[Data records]

------------------------------------------------------------------------

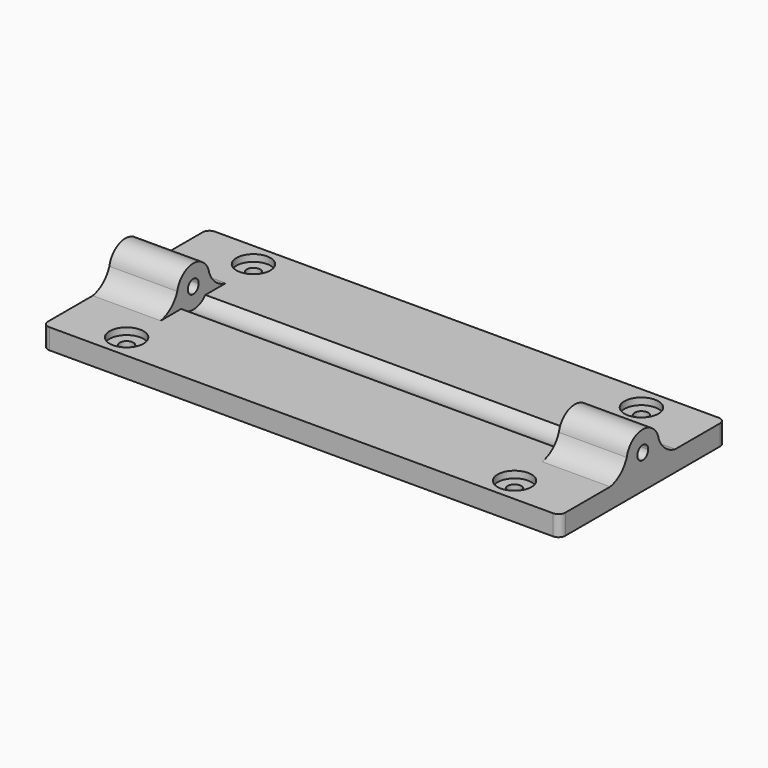
from build123d import *

# Parameters (mm, degrees)
F0_W          = 76.2
F0_H          = 30.48
F0_R          = 2.5
F2_DEPTH      = 3
F0_R_2        = 1
F3_DEPTH      = 2
F4_START      = 28.1
F4_DEPTH      = 10
F5_START      = -28.1
F5_DEPTH      = 10
F6_DEPTH      = 28.1
F6_DEPTH_BACK = 28.1
F7_R          = 1


with BuildPart() as f2:
    # F0 (on Top) → F2 (new body)
    with BuildSketch(Plane.XY):
        with Locations((0, 1.624652555)):
            Rectangle(F0_W, F0_H)
        with Locations((-28.57, -10.055347445)):
            Circle(F0_R, mode=Mode.SUBTRACT)
        with Locations((28.57, -10.055347445)):
            Circle(F0_R, mode=Mode.SUBTRACT)
        with Locations((-28.57, 13.304652555)):
            Circle(F0_R, mode=Mode.SUBTRACT)
        with Locations((28.57, 13.304652555)):
            Circle(F0_R, mode=Mode.SUBTRACT)
    extrude(amount=F2_DEPTH)

    # F0 (on Top) → F3 (join)
    with BuildSketch(Plane.XY):
        with Locations((28.57, 13.304652555)):
            Circle(F0_R)
        with Locations((28.57, 13.304652555)):
            Circle(F0_R_2, mode=Mode.SUBTRACT)
        with Locations((28.57, -10.055347445)):
            Circle(F0_R)
        with Locations((28.57, -10.055347445)):
            Circle(F0_R_2, mode=Mode.SUBTRACT)
        with Locations((-28.57, -10.055347445)):
            Circle(F0_R)
        with Locations((-28.57, -10.055347445)):
            Circle(F0_R_2, mode=Mode.SUBTRACT)
        with Locations((-28.57, 13.304652555)):
            Circle(F0_R)
        with Locations((-28.57, 13.304652555)):
            Circle(F0_R_2, mode=Mode.SUBTRACT)
    extrude(amount=F3_DEPTH)

    # F1 (on Right) → F4 (join)
    with BuildSketch(Plane.YZ.offset(F4_START)):
        with BuildLine():
            ThreePointArc((-1.3122499903, 5.5619300567), (-2.4969921778, 3.8736281168), (-4.365347445, 3))
            Line((-4.365347445, 3), (-0.6014154225, 3))
            ThreePointArc((-0.6014154225, 3), (-1.2561375211, 4.1979197446), (-1.3122499903, 5.5619300567))
        make_face()
        with BuildLine():
            Line((3.8707205325, 3), (7.634652555, 3))
            ThreePointArc((7.634652555, 3), (5.7662972877, 3.8736281168), (4.5815551003, 5.5619300567))
            ThreePointArc((4.5815551003, 5.5619300567), (4.6213486925, 5.2822165518), (4.634652555, 5))
            ThreePointArc((4.634652555, 5), (4.4371696319, 3.9295337307), (3.8707205325, 3))
        make_face()
        with BuildLine():
            ThreePointArc((-1.3122499903, 5.5619300567), (-1.2561375211, 4.1979197446), (-0.6014154225, 3))
            Line((-0.6014154225, 3), (3.8707205325, 3))
            ThreePointArc((3.8707205325, 3), (4.4371696319, 3.9295337307), (4.634652555, 5))
            ThreePointArc((4.634652555, 5), (4.6213486925, 5.2822165518), (4.5815551003, 5.5619300567))
            ThreePointArc((4.5815551003, 5.5619300567), (1.634652555, 8), (-1.3122499903, 5.5619300567))
        make_face()
        with BuildLine():
            ThreePointArc((1.634652555, 4), (0.9275457738, 5.7071067812), (2.634652555, 5))
            ThreePointArc((2.634652555, 5), (2.3417593362, 4.2928932188), (1.634652555, 4))
        make_face(mode=Mode.SUBTRACT)
    extrude(amount=F4_DEPTH)

    # F1 (on Right) → F5 (join)
    with BuildSketch(Plane.YZ.offset(F5_START)):
        with BuildLine():
            ThreePointArc((-1.3122499903, 5.5619300567), (-2.4969921778, 3.8736281168), (-4.365347445, 3))
            Line((-4.365347445, 3), (-0.6014154225, 3))
            ThreePointArc((-0.6014154225, 3), (-1.2561375211, 4.1979197446), (-1.3122499903, 5.5619300567))
        make_face()
        with BuildLine():
            Line((3.8707205325, 3), (7.634652555, 3))
            ThreePointArc((7.634652555, 3), (5.7662972877, 3.8736281168), (4.5815551003, 5.5619300567))
            ThreePointArc((4.5815551003, 5.5619300567), (4.6213486925, 5.2822165518), (4.634652555, 5))
            ThreePointArc((4.634652555, 5), (4.4371696319, 3.9295337307), (3.8707205325, 3))
        make_face()
        with BuildLine():
            ThreePointArc((-1.3122499903, 5.5619300567), (-1.2561375211, 4.1979197446), (-0.6014154225, 3))
            Line((-0.6014154225, 3), (3.8707205325, 3))
            ThreePointArc((3.8707205325, 3), (4.4371696319, 3.9295337307), (4.634652555, 5))
            ThreePointArc((4.634652555, 5), (4.6213486925, 5.2822165518), (4.5815551003, 5.5619300567))
            ThreePointArc((4.5815551003, 5.5619300567), (1.634652555, 8), (-1.3122499903, 5.5619300567))
        make_face()
        with BuildLine():
            ThreePointArc((1.634652555, 4), (0.9275457738, 5.7071067812), (2.634652555, 5))
            ThreePointArc((2.634652555, 5), (2.3417593362, 4.2928932188), (1.634652555, 4))
        make_face(mode=Mode.SUBTRACT)
    extrude(amount=-F5_DEPTH)

    # F1 (on Right) → F6 (cut, two sides)
    with BuildSketch(Plane.YZ) as f6_sk:
        with BuildLine():
            Line((3.8707205325, 3), (-0.6014154225, 3))
            ThreePointArc((-0.6014154225, 3), (1.634652555, 2), (3.8707205325, 3))
        make_face()
    extrude(amount=-F6_DEPTH, mode=Mode.SUBTRACT)
    extrude(f6_sk.sketch, amount=F6_DEPTH_BACK, mode=Mode.SUBTRACT)

    # F7
    f7_edges = [f2.edges().sort_by_distance(p)[0] for p in [
        (38.1, -13.615347, 1.5),
        (38.1, 16.864653, 1.5),
        (-38.1, 16.864653, 1.5),
        (-38.1, -13.615347, 1.5),
    ]]
    fillet(f7_edges, radius=F7_R)


solid = f2.part
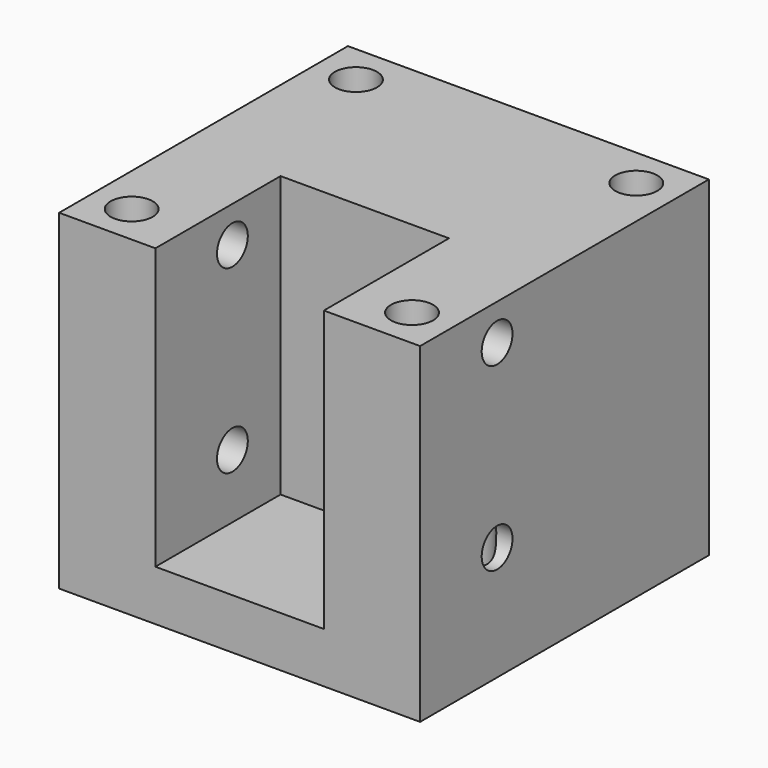
from build123d import *

# Parameters (mm, degrees)
F0_W      = 30
F0_H      = 30
F1_DEPTH  = 27.5
F2_R      = 1.75
F3_DEPTH  = 27.501
F4_R      = 2
F5_DEPTH  = 20
F6_R      = 2
F7_W      = 14
F7_H      = 13
F8_DEPTH  = 23.3
F9_R      = 1.6
F10_DEPTH = 30.001


# Not quite as in the source:
# - a feature names something its author has since deleted; it is built from what else it names


with BuildPart() as f1:
    # F0 (on Top) → F1 (new body)
    with BuildSketch(Plane.XY):
        Rectangle(F0_W, F0_H)
    extrude(amount=F1_DEPTH)

    # F2 (on face) → F3 (cut, through all)
    with BuildSketch(Plane.XY.offset(27.5)):
        with Locations((-11.65, 11.65)):
            Circle(F2_R)
        with Locations((-11.65, -11.65)):
            Circle(F2_R)
        with Locations((11.65, 11.65)):
            Circle(F2_R)
        with Locations((11.65, -11.65)):
            Circle(F2_R)
    extrude(amount=-F3_DEPTH, mode=Mode.SUBTRACT)

    # F4 (on face) → F5 (cut)
    with BuildSketch(Plane(origin=(0, 0, 0), x_dir=(1, 0, 0), z_dir=(0, 0, -1))):
        with Locations((-11.95, 6.6)):
            Circle(F4_R)
        with Locations((12.05, 6.6)):
            Circle(F4_R)
    extrude(amount=-F5_DEPTH, mode=Mode.SUBTRACT)

    # F6
    f6_edges = [f1.edges().sort_by_distance(p)[0] for p in [
        (-13.95, -6.6, 20),
        (10.05, -6.6, 20),
    ]]
    fillet(f6_edges, radius=F6_R)

    # F7 (on face) → F8 (cut)
    with BuildSketch(Plane.XY.offset(27.5)):
        with Locations((0, -8.5)):
            Rectangle(F7_W, F7_H)
    extrude(amount=-F8_DEPTH, mode=Mode.SUBTRACT)

    # F9 (on face) → F10 (cut, through all)
    with BuildSketch(Plane(origin=(-15, 0, 0), x_dir=(0, -1, 0), z_dir=(-1, 0, 0))):
        with Locations((7, 9.5)):
            Circle(F9_R)
        with Locations((7, 24.5)):
            Circle(F9_R)
    extrude(amount=-F10_DEPTH, mode=Mode.SUBTRACT)


solid = f1.part

------------------------------------------------------------------------

PROMPT → Every line above that contains the word "Right" should be reported.

THE COMPLETED TASK →
    # F1 (on Right) → F4 (join)
    # F1 (on Right) → F5 (join)
    # F1 (on Right) → F6 (cut, two sides)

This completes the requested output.